TIA for any and all suggestions!


Do you give him a warning before it's time to go? Like, "DC, we will leave in 5 minutes" then again at 2 minutes, etc.

I would then matter-of-factly take child by the hand and try to leave calmly. Since the kids were used to me taking them gently by the hand, this often worked OK.

Sometimes I also used to give the kids the reminder "If you can't leave nicely, then we will not... [go to park/ playground/ wherever...] tomorrow. Then remember to follow through.

As for the "pick up screaming refusing toddler and carrying away". BTDT. It sucks, but you do what you have to do.

Can you have s.o. [granny, a church friend, etc.] else hold the new baby for you while you pick up the three year-old and put him in the car seat & have them follow you to the car w/ the baby?


----------



## hipumpkins (Jul 25, 2003)

Mae leaving fun.
We leave the park playing follow the leader or pretending we are in a parade. does he have a favorite song or CD he can listen to in the car? you could say, "come on let's go listen to____"
Let's be bees buzzing to our hive.
Let's be trucks looking for our gargage


----------



## AFWife (Aug 30, 2008)

When we would go somewhere (like the play area at McDonalds for example) my mother would tell us before we left the car "I'm going to tell you when it's almost time to leave (5mins or so) and if you fight me when I tell you we're leaving we won't come back."

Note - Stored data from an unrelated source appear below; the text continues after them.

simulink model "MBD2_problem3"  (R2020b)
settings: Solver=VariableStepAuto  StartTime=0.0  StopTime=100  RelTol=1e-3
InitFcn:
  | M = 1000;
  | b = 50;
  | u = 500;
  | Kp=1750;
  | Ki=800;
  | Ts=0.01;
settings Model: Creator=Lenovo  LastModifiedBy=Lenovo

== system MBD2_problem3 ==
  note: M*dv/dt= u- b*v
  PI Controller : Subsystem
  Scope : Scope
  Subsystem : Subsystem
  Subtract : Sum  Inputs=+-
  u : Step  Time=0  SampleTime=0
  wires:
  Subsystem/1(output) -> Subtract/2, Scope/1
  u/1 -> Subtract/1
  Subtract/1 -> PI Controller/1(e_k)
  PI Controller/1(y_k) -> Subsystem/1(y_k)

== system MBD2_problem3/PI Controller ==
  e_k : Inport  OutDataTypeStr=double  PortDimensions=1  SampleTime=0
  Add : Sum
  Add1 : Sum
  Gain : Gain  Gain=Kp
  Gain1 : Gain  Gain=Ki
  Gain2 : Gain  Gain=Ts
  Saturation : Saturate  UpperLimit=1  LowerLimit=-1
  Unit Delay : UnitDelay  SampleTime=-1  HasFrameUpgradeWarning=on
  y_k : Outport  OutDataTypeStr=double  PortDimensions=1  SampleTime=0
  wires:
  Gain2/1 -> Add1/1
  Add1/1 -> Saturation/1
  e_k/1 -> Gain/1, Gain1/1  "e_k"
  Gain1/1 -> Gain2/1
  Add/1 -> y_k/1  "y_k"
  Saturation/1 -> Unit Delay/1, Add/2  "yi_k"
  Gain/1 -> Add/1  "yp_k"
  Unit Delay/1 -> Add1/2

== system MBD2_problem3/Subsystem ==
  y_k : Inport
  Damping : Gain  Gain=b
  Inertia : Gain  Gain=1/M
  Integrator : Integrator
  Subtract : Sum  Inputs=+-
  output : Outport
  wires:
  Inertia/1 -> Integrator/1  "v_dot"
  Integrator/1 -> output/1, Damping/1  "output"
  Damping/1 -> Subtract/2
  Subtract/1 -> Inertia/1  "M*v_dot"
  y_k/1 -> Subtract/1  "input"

So, she would find us and say, "We're getting ready to go. We're leaving in 5mins" and 5mins later she would tell us it was time to leave. If we whined and/or put up a fight we wouldn't go back for sometime. The next time we asked she would say, "No, you remember our deal last time. We agreed that you would leave when I said without whining and you didn't stand by that."

Honestly, it worked. Put some of the control in his corner. That way, if you don't go back or something it's no one's fault but his own. Maybe if "not going back" isn't an option tell him "If you whine you won't get [insert something he likes] tonight" (a special dessert, tv show, game, toy) and hold to that Remind him later that was the deal.


----------



## Happily Blessed (Feb 19, 2007)

I am having the same issues, and my son is going to be 2 in a week and a half.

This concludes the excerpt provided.